The industry knows group risk benefits are valuable, but does anyone else? The sector needs an image boost to thrive, says Peter Fenner.
The value of group risk benefits to individuals, companies and society is no secret to those of us within the sector, but outside it sometimes seems that it might as well be.
While the profile of pensions has benefited from the eternal public debate about what can or should be provided, to the extent that some groups are even ready to resort to industrial action to protect their pension rights, death and disability benefits go largely unnoticed.
But this is crazy. Not just because the actual benefit to those people in receipt of claim benefits is vast, but also because if group risk insurers and advisers want employers to provide these benefits, it should be clear where their value lies. This argument has to be made at both micro and macro levels.
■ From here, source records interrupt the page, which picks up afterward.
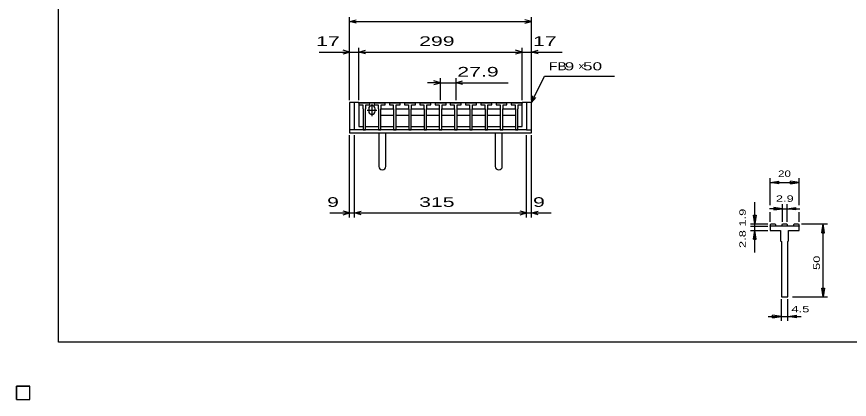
# Model space of a CAD drawing. Units: millimetres, scale not verified. Extents: x -1456 to 1389, y -1026 to 839.
# Drawn here: x -1456 to 68, y -1026 to -326 of the extents above; entities that cross this region are included whole.
import ezdxf
from ezdxf.enums import TextEntityAlignment as Align

# ---------------------------------------------------------------- set-up
doc = ezdxf.new("R2010")
doc.units = ezdxf.units.MM
doc.header["$LTSCALE"] = 8
for name, color, linetype, lineweight in [('0_2', 150, 'Continuous', 25), ('16', 3, 'Continuous', 25), ('19', 6, 'Continuous', 25), ('22', 2, 'Continuous', 25), ('32', 4, 'Continuous', 25)]:
    doc.layers.add(name, color=color, linetype=linetype, lineweight=lineweight)
doc.styles.add('ベクトル', font='')
doc.styles.get('ベクトル').set_extended_font_data('ベクトル')

msp = doc.modelspace()

# ---------------------------------------------------------------- linework, layer by layer
at = {"layer": '0_2'}
for p, q in [((-1379.2, -921.2), (-1379.2, 838.8)), ((1388.8, -921.2), (-1379.2, -921.2))]:
    msp.add_line(p, q, dxfattribs=at)
at = {"layer": '16'}
for p, q in [((-829.5, -484.2), (-829, -482.7)), ((-829.5, -482.7), (-530.5, -482.7)), ((-829.5, -482.7), (-829.5, -526.7)), ((-829.5, -484.2), (-829.5, -487.2)), ((-809.5, -484.2), (-829.5, -484.2)), ((-829.5, -487.2), (-822.25, -487.2)), ((-829, -482.7), (-826.1, -482.7)), ((-826.1, -482.7), (-825.6, -484.2)), ((-822.25, -487.2), (-822.25, -494.2)), ((-821.45, -484.2), (-820.95, -482.7)), ((-820.95, -482.7), (-818.05, -482.7)), ((-818.05, -482.7), (-817.55, -484.2)), ((-816.75, -494.2), (-816.75, -487.2)), ((-816.75, -487.2), (-809.5, -487.2)), ((-813.4, -484.2), (-812.9, -482.7)), ((-812.9, -482.7), (-810, -482.7)), ((-810, -482.7), (-809.5, -484.2)), ((-809.5, -487.2), (-809.5, -484.2)), ((-805.55, -485.7), (-805.55, -507.7)), ((-801.6, -484.2), (-801.1, -482.7)), ((-801.6, -484.2), (-801.6, -487.2)), ((-781.6, -484.2), (-801.6, -484.2)), ((-801.6, -487.2), (-794.35, -487.2)), ((-801.1, -482.7), (-798.2, -482.7)), ((-798.2, -482.7), (-797.7, -484.2)), ((-794.35, -487.2), (-794.35, -494.2)), ((-793.55, -484.2), (-793.05, -482.7)), ((-793.05, -482.7), (-790.15, -482.7)), ((-790.15, -482.7), (-789.65, -484.2)), ((-788.85, -494.2), (-788.85, -487.2)), ((-788.85, -487.2), (-781.6, -487.2)), ((-785.5, -484.2), (-785, -482.7)), ((-785, -482.7), (-782.1, -482.7)), ((-782.1, -482.7), (-781.6, -484.2)), ((-781.6, -487.2), (-781.6, -484.2)), ((-773.7, -484.2), (-773.2, -482.7)), ((-773.7, -484.2), (-773.7, -487.2)), ((-753.7, -484.2), (-773.7, -484.2)), ((-773.7, -487.2), (-766.45, -487.2)), ((-773.2, -482.7), (-770.3, -482.7)), ((-770.3, -482.7), (-769.8, -484.2)), ((-766.45, -487.2), (-766.45, -494.2)), ((-765.65, -484.2), (-765.15, -482.7)), ((-765.15, -482.7), (-762.25, -482.7)), ((-762.25, -482.7), (-761.75, -484.2)), ((-760.95, -494.2), (-760.95, -487.2)), ((-760.95, -487.2), (-753.7, -487.2)), ((-757.6, -484.2), (-757.1, -482.7)), ((-757.1, -482.7), (-754.2, -482.7)), ((-754.2, -482.7), (-753.7, -484.2)), ((-753.7, -487.2), (-753.7, -484.2)), ((-745.8, -484.2), (-745.3, -482.7)), ((-745.8, -484.2), (-745.8, -487.2)), ((-725.8, -484.2), (-745.8, -484.2)), ((-745.8, -487.2), (-738.55, -487.2)), ((-745.3, -482.7), (-742.4, -482.7)), ((-742.4, -482.7), (-741.9, -484.2)), ((-738.55, -487.2), (-738.55, -494.2)), ((-737.75, -484.2), (-737.25, -482.7)), ((-737.25, -482.7), (-734.35, -482.7)), ((-734.35, -482.7), (-733.85, -484.2)), ((-733.05, -494.2), (-733.05, -487.2)), ((-733.05, -487.2), (-725.8, -487.2)), ((-729.7, -484.2), (-729.2, -482.7)), ((-729.2, -482.7), (-726.3, -482.7)), ((-726.3, -482.7), (-725.8, -484.2)), ((-725.8, -487.2), (-725.8, -484.2)), ((-717.9, -484.2), (-717.4, -482.7)), ((-717.9, -484.2), (-717.9, -487.2)), ((-697.9, -484.2), (-717.9, -484.2)), ((-717.9, -487.2), (-710.65, -487.2)), ((-717.4, -482.7), (-714.5, -482.7)), ((-714.5, -482.7), (-714, -484.2)), ((-710.65, -487.2), (-710.65, -494.2)), ((-709.85, -484.2), (-709.35, -482.7)), ((-709.35, -482.7), (-706.45, -482.7)), ((-706.45, -482.7), (-705.95, -484.2)), ((-705.15, -494.2), (-705.15, -487.2)), ((-705.15, -487.2), (-697.9, -487.2)), ((-701.8, -484.2), (-701.3, -482.7)), ((-701.3, -482.7), (-698.4, -482.7)), ((-698.4, -482.7), (-697.9, -484.2)), ((-697.9, -487.2), (-697.9, -484.2)), ((-690, -484.2), (-689.5, -482.7)), ((-690, -484.2), (-690, -487.2)), ((-670, -484.2), (-690, -484.2)), ((-690, -487.2), (-682.75, -487.2)), ((-689.5, -482.7), (-686.6, -482.7)), ((-686.6, -482.7), (-686.1, -484.2)), ((-682.75, -487.2), (-682.75, -494.2)), ((-681.95, -484.2), (-681.45, -482.7)), ((-681.45, -482.7), (-678.55, -482.7)), ((-678.55, -482.7), (-678.05, -484.2)), ((-677.25, -494.2), (-677.25, -487.2)), ((-677.25, -487.2), (-670, -487.2)), ((-673.9, -484.2), (-673.4, -482.7)), ((-673.4, -482.7), (-670.5, -482.7)), ((-670.5, -482.7), (-670, -484.2)), ((-670, -487.2), (-670, -484.2)), ((-662.1, -484.2), (-661.6, -482.7)), ((-662.1, -484.2), (-662.1, -487.2)), ((-642.1, -484.2), (-662.1, -484.2)), ((-662.1, -487.2), (-654.85, -487.2)), ((-661.6, -482.7), (-658.7, -482.7)), ((-658.7, -482.7), (-658.2, -484.2)), ((-654.85, -487.2), (-654.85, -494.2)), ((-654.05, -484.2), (-653.55, -482.7)), ((-653.55, -482.7), (-650.65, -482.7)), ((-650.65, -482.7), (-650.15, -484.2)), ((-649.35, -494.2), (-649.35, -487.2)), ((-649.35, -487.2), (-642.1, -487.2)), ((-646, -484.2), (-645.5, -482.7)), ((-645.5, -482.7), (-642.6, -482.7)), ((-642.6, -482.7), (-642.1, -484.2)), ((-642.1, -487.2), (-642.1, -484.2)), ((-634.2, -484.2), (-633.7, -482.7)), ((-634.2, -484.2), (-634.2, -487.2)), ((-614.2, -484.2), (-634.2, -484.2)), ((-634.2, -487.2), (-626.95, -487.2)), ((-633.7, -482.7), (-630.8, -482.7)), ((-630.8, -482.7), (-630.3, -484.2)), ((-626.95, -487.2), (-626.95, -494.2)), ((-626.15, -484.2), (-625.65, -482.7)), ((-625.65, -482.7), (-622.75, -482.7)), ((-622.75, -482.7), (-622.25, -484.2)), ((-621.45, -494.2), (-621.45, -487.2)), ((-621.45, -487.2), (-614.2, -487.2)), ((-618.1, -484.2), (-617.6, -482.7)), ((-617.6, -482.7), (-614.7, -482.7)), ((-614.7, -482.7), (-614.2, -484.2)), ((-614.2, -487.2), (-614.2, -484.2)), ((-606.3, -484.2), (-605.8, -482.7)), ((-606.3, -484.2), (-606.3, -487.2)), ((-586.3, -484.2), (-606.3, -484.2)), ((-606.3, -487.2), (-599.05, -487.2)), ((-605.8, -482.7), (-602.9, -482.7)), ((-602.9, -482.7), (-602.4, -484.2)), ((-599.05, -487.2), (-599.05, -494.2)), ((-598.25, -484.2), (-597.75, -482.7)), ((-597.75, -482.7), (-594.85, -482.7)), ((-594.85, -482.7), (-594.35, -484.2)), ((-593.55, -494.2), (-593.55, -487.2)), ((-593.55, -487.2), (-586.3, -487.2)), ((-590.2, -484.2), (-589.7, -482.7)), ((-589.7, -482.7), (-586.8, -482.7)), ((-586.8, -482.7), (-586.3, -484.2)), ((-586.3, -487.2), (-586.3, -484.2)), ((-578.4, -484.2), (-577.9, -482.7)), ((-578.4, -484.2), (-578.4, -487.2)), ((-558.4, -484.2), (-578.4, -484.2)), ((-578.4, -487.2), (-571.15, -487.2)), ((-577.9, -482.7), (-575, -482.7)), ((-575, -482.7), (-574.5, -484.2)), ((-571.15, -487.2), (-571.15, -494.2)), ((-570.35, -484.2), (-569.85, -482.7)), ((-569.85, -482.7), (-566.95, -482.7)), ((-566.95, -482.7), (-566.45, -484.2)), ((-565.65, -494.2), (-565.65, -487.2)), ((-565.65, -487.2), (-558.4, -487.2)), ((-562.3, -484.2), (-561.8, -482.7)), ((-561.8, -482.7), (-558.9, -482.7)), ((-558.9, -482.7), (-558.4, -484.2)), ((-558.4, -487.2), (-558.4, -484.2)), ((-550.5, -484.2), (-550, -482.7)), ((-550.5, -484.2), (-550.5, -487.2)), ((-530.5, -484.2), (-550.5, -484.2)), ((-550.5, -487.2), (-543.25, -487.2)), ((-550, -482.7), (-547.1, -482.7)), ((-547.1, -482.7), (-546.6, -484.2)), ((-543.25, -487.2), (-543.25, -494.2)), ((-542.45, -484.2), (-541.95, -482.7)), ((-541.95, -482.7), (-539.05, -482.7)), ((-539.05, -482.7), (-538.55, -484.2)), ((-537.75, -494.2), (-537.75, -487.2)), ((-537.75, -487.2), (-530.5, -487.2)), ((-534.4, -484.2), (-533.9, -482.7)), ((-533.9, -482.7), (-531, -482.7)), ((-531, -482.7), (-530.5, -484.2)), ((-530.5, -526.7), (-530.5, -482.7)), ((-530.5, -487.2), (-530.5, -484.2)), ((-822.25, -494.2), (-821.75, -494.7)), ((-821.75, -494.7), (-821.75, -532.7)), ((-817.25, -494.7), (-816.75, -494.2)), ((-817.25, -532.7), (-817.25, -494.7)), ((-814.55, -496.7), (-796.55, -496.7)), ((-811.55, -494.7), (-811.55, -498.7)), ((-799.55, -498.7), (-799.55, -494.7)), ((-794.35, -494.2), (-793.85, -494.7)), ((-793.85, -494.7), (-793.85, -532.7)), ((-789.35, -494.7), (-788.85, -494.2)), ((-789.35, -532.7), (-789.35, -494.7)), ((-789.35, -495.7), (-788.35, -494.7)), ((-788.35, -494.7), (-766.95, -494.7)), ((-766.95, -494.7), (-765.95, -495.7)), ((-766.45, -494.2), (-765.95, -494.7)), ((-765.95, -494.7), (-765.95, -532.7)), ((-761.45, -494.7), (-760.95, -494.2)), ((-761.45, -532.7), (-761.45, -494.7)), ((-761.45, -495.7), (-760.45, -494.7)), ((-760.45, -494.7), (-739.05, -494.7)), ((-739.05, -494.7), (-738.05, -495.7)), ((-738.55, -494.2), (-738.05, -494.7)), ((-738.05, -494.7), (-738.05, -532.7)), ((-733.55, -494.7), (-733.05, -494.2)), ((-733.55, -532.7), (-733.55, -494.7)), ((-733.55, -495.7), (-732.55, -494.7)), ((-732.55, -494.7), (-711.15, -494.7)), ((-711.15, -494.7), (-710.15, -495.7)), ((-710.65, -494.2), (-710.15, -494.7)), ((-710.15, -494.7), (-710.15, -532.7)), ((-705.65, -494.7), (-705.15, -494.2)), ((-705.65, -532.7), (-705.65, -494.7)), ((-705.65, -495.7), (-704.65, -494.7)), ((-704.65, -494.7), (-683.25, -494.7)), ((-683.25, -494.7), (-682.25, -495.7)), ((-682.75, -494.2), (-682.25, -494.7)), ((-682.25, -494.7), (-682.25, -532.7)), ((-677.75, -494.7), (-677.25, -494.2)), ((-677.75, -532.7), (-677.75, -494.7)), ((-677.75, -495.7), (-676.75, -494.7)), ((-676.75, -494.7), (-655.35, -494.7)), ((-655.35, -494.7), (-654.35, -495.7)), ((-654.85, -494.2), (-654.35, -494.7)), ((-654.35, -494.7), (-654.35, -532.7)), ((-649.85, -494.7), (-649.35, -494.2)), ((-649.85, -532.7), (-649.85, -494.7)), ((-649.85, -495.7), (-648.85, -494.7)), ((-648.85, -494.7), (-627.45, -494.7)), ((-627.45, -494.7), (-626.45, -495.7)), ((-626.95, -494.2), (-626.45, -494.7)), ((-626.45, -494.7), (-626.45, -532.7)), ((-621.95, -494.7), (-621.45, -494.2)), ((-621.95, -532.7), (-621.95, -494.7)), ((-621.95, -495.7), (-620.95, -494.7)), ((-620.95, -494.7), (-599.55, -494.7)), ((-599.55, -494.7), (-598.55, -495.7)), ((-599.05, -494.2), (-598.55, -494.7)), ((-598.55, -494.7), (-598.55, -532.7)), ((-594.05, -494.7), (-593.55, -494.2)), ((-594.05, -532.7), (-594.05, -494.7)), ((-594.05, -495.7), (-593.05, -494.7)), ((-593.05, -494.7), (-571.65, -494.7)), ((-571.65, -494.7), (-570.65, -495.7)), ((-571.15, -494.2), (-570.65, -494.7)), ((-570.65, -494.7), (-570.65, -532.7)), ((-566.15, -494.7), (-565.65, -494.2)), ((-566.15, -532.7), (-566.15, -494.7)), ((-566.15, -495.7), (-565.15, -494.7)), ((-565.15, -494.7), (-543.75, -494.7)), ((-543.75, -494.7), (-542.75, -495.7)), ((-543.25, -494.2), (-542.75, -494.7)), ((-542.75, -494.7), (-542.75, -532.7)), ((-538.25, -494.7), (-537.75, -494.2)), ((-538.25, -532.7), (-538.25, -494.7)), ((-788.35, -506.7), (-789.35, -505.7)), ((-766.95, -506.7), (-788.35, -506.7)), ((-765.95, -505.7), (-766.95, -506.7)), ((-760.45, -506.7), (-761.45, -505.7)), ((-739.05, -506.7), (-760.45, -506.7)), ((-738.05, -505.7), (-739.05, -506.7)), ((-732.55, -506.7), (-733.55, -505.7)), ((-711.15, -506.7), (-732.55, -506.7)), ((-710.15, -505.7), (-711.15, -506.7)), ((-704.65, -506.7), (-705.65, -505.7)), ((-683.25, -506.7), (-704.65, -506.7)), ((-682.25, -505.7), (-683.25, -506.7)), ((-676.75, -506.7), (-677.75, -505.7)), ((-655.35, -506.7), (-676.75, -506.7)), ((-654.35, -505.7), (-655.35, -506.7)), ((-648.85, -506.7), (-649.85, -505.7)), ((-627.45, -506.7), (-648.85, -506.7)), ((-626.45, -505.7), (-627.45, -506.7)), ((-620.95, -506.7), (-621.95, -505.7)), ((-599.55, -506.7), (-620.95, -506.7)), ((-598.55, -505.7), (-599.55, -506.7)), ((-593.05, -506.7), (-594.05, -505.7)), ((-571.65, -506.7), (-593.05, -506.7)), ((-570.65, -505.7), (-571.65, -506.7)), ((-565.15, -506.7), (-566.15, -505.7)), ((-543.75, -506.7), (-565.15, -506.7)), ((-542.75, -505.7), (-543.75, -506.7)), ((-829.5, -526.7), (-821.75, -526.7)), ((-821.75, -532.7), (-817.25, -532.7)), ((-817.25, -526.7), (-793.85, -526.7)), ((-793.85, -532.7), (-789.35, -532.7)), ((-789.35, -526.7), (-765.95, -526.7)), ((-765.95, -532.7), (-761.45, -532.7)), ((-761.45, -526.7), (-738.05, -526.7)), ((-738.05, -532.7), (-733.55, -532.7)), ((-733.55, -526.7), (-710.15, -526.7)), ((-710.15, -532.7), (-705.65, -532.7)), ((-705.65, -526.7), (-682.25, -526.7)), ((-682.25, -532.7), (-677.75, -532.7)), ((-677.75, -526.7), (-654.35, -526.7)), ((-654.35, -532.7), (-649.85, -532.7)), ((-649.85, -526.7), (-626.45, -526.7)), ((-626.45, -532.7), (-621.95, -532.7)), ((-621.95, -526.7), (-598.55, -526.7)), ((-598.55, -532.7), (-594.05, -532.7)), ((-594.05, -526.7), (-570.65, -526.7)), ((-570.65, -532.7), (-566.15, -532.7)), ((-566.15, -526.7), (-542.75, -526.7)), ((-542.75, -532.7), (-538.25, -532.7)), ((-538.25, -526.7), (-530.5, -526.7)), ((-1456, -1002), (-1432, -1002)), ((-1456, -1026), (-1456, -1002)), ((-1456, -1002), (-1432, -1002)), ((-1456, -1026), (-1456, -1002)), ((-1456, -1002), (-1432, -1002)), ((-1456, -1026), (-1456, -1002)), ((-1456, -1002), (-1432, -1002)), ((-1456, -1026), (-1456, -1002)), ((-1456, -1002), (-1432, -1002)), ((-1456, -1026), (-1456, -1002)), ((-1432, -1026), (-1432, -1002)), ((-1432, -1026), (-1432, -1002)), ((-1432, -1026), (-1432, -1002)), ((-1432, -1026), (-1432, -1002)), ((-1432, -1026), (-1432, -1002)), ((-1456, -1026), (-1432, -1026)), ((-1456, -1026), (-1432, -1026)), ((-1456, -1026), (-1432, -1026)), ((-1456, -1026), (-1432, -1026)), ((-1456, -1026), (-1432, -1026))]:
    msp.add_line(p, q, dxfattribs=at)
for centre, start, end in [((-805.55, -494.7), 0, 180), ((-805.55, -498.7), 180, 0)]:
    msp.add_arc(centre, 6, start, end, dxfattribs=at)
at = {"layer": '19'}
for p, q in [((-829.5, -482.7), (-846.5, -482.7)), ((-846.5, -482.7), (-846.5, -538.7)), ((-837.5, -532.7), (-837.5, -482.7)), ((-513.5, -482.7), (-530.5, -482.7)), ((-522.5, -482.7), (-522.5, -532.7)), ((-513.5, -538.7), (-513.5, -482.7)), ((-837.5, -532.7), (-846.5, -532.7)), ((-522.5, -532.7), (-837.5, -532.7)), ((-522.5, -532.7), (-513.5, -532.7)), ((-846.5, -538.7), (-513.5, -538.7)), ((-793, -538.7), (-793, -599.81)), ((-780, -599.81), (-780, -538.7)), ((-580, -538.7), (-580, -599.81)), ((-567, -599.81), (-567, -538.7))]:
    msp.add_line(p, q, dxfattribs=at)
for centre in [(-786.5, -599.81), (-573.5, -599.81)]:
    msp.add_arc(centre, 6.5, 180, 0, dxfattribs=at)
at = {"layer": '22', "color": 4}
for p, q in [((-846.5, -478.7), (-846.5, -326.7)), ((-846.5, -334.7), (-834.5, -331.5)), ((-834.5, -337.9), (-846.5, -334.7)), ((-846.5, -334.7), (-513.5, -334.7)), ((-513.5, -334.7), (-525.5, -331.5)), ((-525.5, -337.9), (-513.5, -334.7)), ((-513.5, -478.7), (-513.5, -326.7)), ((-902.5, -390.7), (-846.5, -390.7)), ((-846.5, -390.7), (-858.5, -387.5)), ((-858.5, -393.9), (-846.5, -390.7)), ((-846.5, -478.7), (-846.5, -382.7)), ((-846.5, -390.7), (-829.5, -390.7)), ((-829.5, -478.7), (-829.5, -382.7)), ((-829.5, -390.7), (-817.5, -387.5)), ((-817.5, -393.9), (-829.5, -390.7)), ((-829.5, -390.7), (-530.5, -390.7)), ((-530.5, -390.7), (-542.5, -387.5)), ((-542.5, -393.9), (-530.5, -390.7)), ((-530.5, -478.7), (-530.5, -382.7)), ((-530.5, -390.7), (-513.5, -390.7)), ((-513.5, -478.7), (-513.5, -382.7)), ((-513.5, -390.7), (-501.5, -387.5)), ((-501.5, -393.9), (-513.5, -390.7)), ((-513.5, -390.7), (-457.5, -390.7)), ((-680, -478.7), (-680, -438.7)), ((-652.1, -438.7), (-652.1, -478.7)), ((-513.5, -482.7), (-489.5, -434.7)), ((-489.5, -434.7), (-361.5, -434.7)), ((-680, -446.7), (-704, -446.7)), ((-680, -446.7), (-692, -443.5)), ((-692, -449.9), (-680, -446.7)), ((-680, -446.7), (-652.1, -446.7)), ((-652.1, -446.7), (-640.1, -443.5)), ((-640.1, -449.9), (-652.1, -446.7)), ((-652.1, -446.7), (-556.1, -446.7)), ((-513.5, -482.7), (-511.1, -471.02)), ((-513.5, -482.7), (-505.5, -473.9)), ((-846.5, -693.1), (-846.5, -542.7)), ((-837.5, -693.1), (-837.5, -542.7)), ((-522.5, -693.1), (-522.5, -542.7)), ((-513.5, -693.1), (-513.5, -542.7)), ((-882.5, -685.1), (-846.5, -685.1)), ((-846.5, -685.1), (-858.5, -681.9)), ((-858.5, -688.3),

Taking the macro side first, group risk benefits are of value to society because they reduce the number of people suffering financial hardship and, therefore, who need to turn to the state for financial help.
How much is this worth to society? ‘A lot’ is one answer, but a terribly vague one. It would be much more useful and powerful to quote an actual figure. -Unfortunately, and to what should be our collective embarrassment, a figure is not readily available.
Getting the message across
If looked for, there are some difficulties in arriving at a definitive figure. Some benefits are paid as lump sums, but others as installments of income, so perhaps the figure should include a capitalised equivalent of the income benefits.
This then begs the question: capitalised on what basis? Should benefits counting towards the figure also include those relating to claims that have been submitted, but where benefits have not yet been paid?
There are no doubt other niceties that could come into play, but none of them really matter. All that is really needed is a decent estimate, arrived at using a basis that is reasonably consistent and sensible. How about the actual amount flowing from insurance company bank accounts in respect of group risk claims and to how many people?
Surely Group Risk Development (Grid), the body representing the sector, could organise the gathering of the information from its members, and it would find the resulting figure useful in its work of promoting group risk and lobbying government on the industry’s behalf.
Notwithstanding the lack of this statistic, Grid itself is starting to get the message across to the government, scoring a notable success in securing the exemption for group risk benefits from the rules which otherwise outlaw the application of a default retirement age (DRA).
Furthermore, the government seems to be -increasingly acknowledging the importance of employer-sponsored provision in getting people back into work.
In March this year, Welfare Minister Lord Freud spoke at a conference held by the Stockholm Network and posited the notion that employers would be better off taking out income protection rather than providing statutory sick pay. This highlights a notable shift in attitudes.
Probably the single biggest factor in shaping the delivery of all kinds of benefits – and insurance product design, generally – is government policy, so having public policy makers onside is vital. Indeed, a lack of -engagement with the government can have costly and time-consuming consequences for the industry.
Up until the gaining of the DRA exemption, there had been repeated instances where policies or practices had to be redesigned to cope with the -unintended -consequences of legislation aimed at addressing issues unconnected with the provision of benefits.
Grid’s success in lobbying may have come just in time, as the coalition’s attempts to rein back public spending and reshape how benefits are to be provided will inevitably have a massive impact on the sector.
The existing plans – conceived by the previous administration, but retained by the current one – to introduce the National Employment Savings Trust (NEST) already show the intention to move benefit provision away from the state and into the hands of employers and individuals.